Tuesday, November 7, 2006

J Exp Med Classics online

drj writes "The Journal of Experimental Medicine has produced pdf (Acrobat) versions of all papers they've published since 1896! Now you can peruse the classic 1944 Avery, MacLeod, and McCarty paper that first showed “desoxyribonucleic acid” (DNA) was the “transforming substance”. Or, one of their follow-up papers, for example an "Improved Method for the Isolation of the Transforming Substance”, very early in a very long string of DNA methods papers. Or here’s one of my favorites, the genetic regulation of the immune response.
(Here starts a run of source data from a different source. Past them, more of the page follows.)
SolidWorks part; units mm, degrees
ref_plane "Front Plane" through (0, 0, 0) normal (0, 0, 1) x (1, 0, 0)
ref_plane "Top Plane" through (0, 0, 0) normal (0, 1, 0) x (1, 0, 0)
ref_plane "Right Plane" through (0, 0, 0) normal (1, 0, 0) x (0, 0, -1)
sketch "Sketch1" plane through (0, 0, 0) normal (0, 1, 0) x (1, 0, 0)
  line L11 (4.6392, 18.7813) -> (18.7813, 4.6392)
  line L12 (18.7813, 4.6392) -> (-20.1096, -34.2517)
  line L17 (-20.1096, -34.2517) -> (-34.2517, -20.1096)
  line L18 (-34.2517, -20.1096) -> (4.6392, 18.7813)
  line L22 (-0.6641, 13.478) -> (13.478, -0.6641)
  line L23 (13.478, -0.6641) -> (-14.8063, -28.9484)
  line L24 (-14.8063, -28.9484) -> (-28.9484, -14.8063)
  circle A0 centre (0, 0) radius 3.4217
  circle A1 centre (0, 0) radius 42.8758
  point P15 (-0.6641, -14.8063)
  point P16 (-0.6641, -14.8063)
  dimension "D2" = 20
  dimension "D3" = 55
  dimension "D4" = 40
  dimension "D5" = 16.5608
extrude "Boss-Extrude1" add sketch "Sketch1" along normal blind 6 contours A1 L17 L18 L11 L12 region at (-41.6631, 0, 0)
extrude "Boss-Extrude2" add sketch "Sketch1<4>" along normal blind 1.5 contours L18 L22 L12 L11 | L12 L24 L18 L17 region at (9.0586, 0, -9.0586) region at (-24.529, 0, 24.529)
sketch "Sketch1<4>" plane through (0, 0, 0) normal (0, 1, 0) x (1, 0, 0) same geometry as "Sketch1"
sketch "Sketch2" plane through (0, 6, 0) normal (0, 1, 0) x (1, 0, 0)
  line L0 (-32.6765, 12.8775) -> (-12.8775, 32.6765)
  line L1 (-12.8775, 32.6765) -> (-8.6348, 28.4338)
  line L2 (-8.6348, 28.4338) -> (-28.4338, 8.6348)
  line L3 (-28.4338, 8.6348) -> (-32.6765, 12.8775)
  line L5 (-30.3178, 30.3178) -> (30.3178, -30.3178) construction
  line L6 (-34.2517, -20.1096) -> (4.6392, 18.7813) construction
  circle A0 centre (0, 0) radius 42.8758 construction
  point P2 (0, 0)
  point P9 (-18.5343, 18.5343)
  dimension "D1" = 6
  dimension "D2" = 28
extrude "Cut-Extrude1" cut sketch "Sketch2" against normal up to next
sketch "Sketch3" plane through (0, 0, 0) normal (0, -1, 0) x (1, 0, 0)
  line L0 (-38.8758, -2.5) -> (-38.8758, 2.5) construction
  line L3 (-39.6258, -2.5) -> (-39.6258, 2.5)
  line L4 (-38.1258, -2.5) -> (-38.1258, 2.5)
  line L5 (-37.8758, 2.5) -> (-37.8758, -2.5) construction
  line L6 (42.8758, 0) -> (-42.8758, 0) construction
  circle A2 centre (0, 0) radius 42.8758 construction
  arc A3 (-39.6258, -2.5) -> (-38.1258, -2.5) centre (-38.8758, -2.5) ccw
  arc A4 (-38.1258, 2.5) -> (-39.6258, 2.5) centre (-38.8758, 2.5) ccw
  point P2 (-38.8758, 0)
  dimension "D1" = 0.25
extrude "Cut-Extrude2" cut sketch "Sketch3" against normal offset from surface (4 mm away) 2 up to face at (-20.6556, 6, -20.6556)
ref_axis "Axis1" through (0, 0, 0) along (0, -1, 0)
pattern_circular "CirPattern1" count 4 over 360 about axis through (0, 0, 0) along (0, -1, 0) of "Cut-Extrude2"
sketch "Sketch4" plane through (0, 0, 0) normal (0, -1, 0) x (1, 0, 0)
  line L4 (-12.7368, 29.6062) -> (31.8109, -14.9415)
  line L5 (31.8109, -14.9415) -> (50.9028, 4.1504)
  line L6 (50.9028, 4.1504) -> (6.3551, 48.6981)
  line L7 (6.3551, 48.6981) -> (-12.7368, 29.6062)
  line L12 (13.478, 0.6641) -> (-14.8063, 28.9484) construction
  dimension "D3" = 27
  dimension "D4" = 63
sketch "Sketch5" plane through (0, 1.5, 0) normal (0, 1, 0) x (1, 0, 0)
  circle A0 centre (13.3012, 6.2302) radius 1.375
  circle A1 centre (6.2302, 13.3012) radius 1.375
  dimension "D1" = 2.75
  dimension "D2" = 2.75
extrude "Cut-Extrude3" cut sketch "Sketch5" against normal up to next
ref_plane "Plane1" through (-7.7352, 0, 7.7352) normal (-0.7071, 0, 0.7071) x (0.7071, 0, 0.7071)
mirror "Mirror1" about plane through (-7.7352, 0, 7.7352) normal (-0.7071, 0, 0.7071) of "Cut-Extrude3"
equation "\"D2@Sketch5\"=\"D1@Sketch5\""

For a glance backward at less memorable papers, try the I-J era. Three cheers and much appreciation to the publisher, the
Rockefeller University Press, with support from The Medical Library Center of New York. This stuff is too old for PubMed (which covers back to the mid-1960s) and even for OLDMEDLINE, which currently goes back to 1951. You’ve got to seek and find it on your own. Search here for your favorite classics (old and new).
What's your favorite J Exp Med paper?"

2 comments:

Reuel said...

I-J Redux

Could non-classical genes reside within the I-J region? Even small transcripts or regulatory sequences might explain some phenomena attributed to this region. I-J-encoded epitopes on secreted products are hard to explain but they could conceivably be encoded on molecules whose expression is controlled by sequences within I-J.

cDNA library said...

"Improved Method for the Isolation of the Transforming Substance”, very early in a very long string of DNA methods papers is recommended.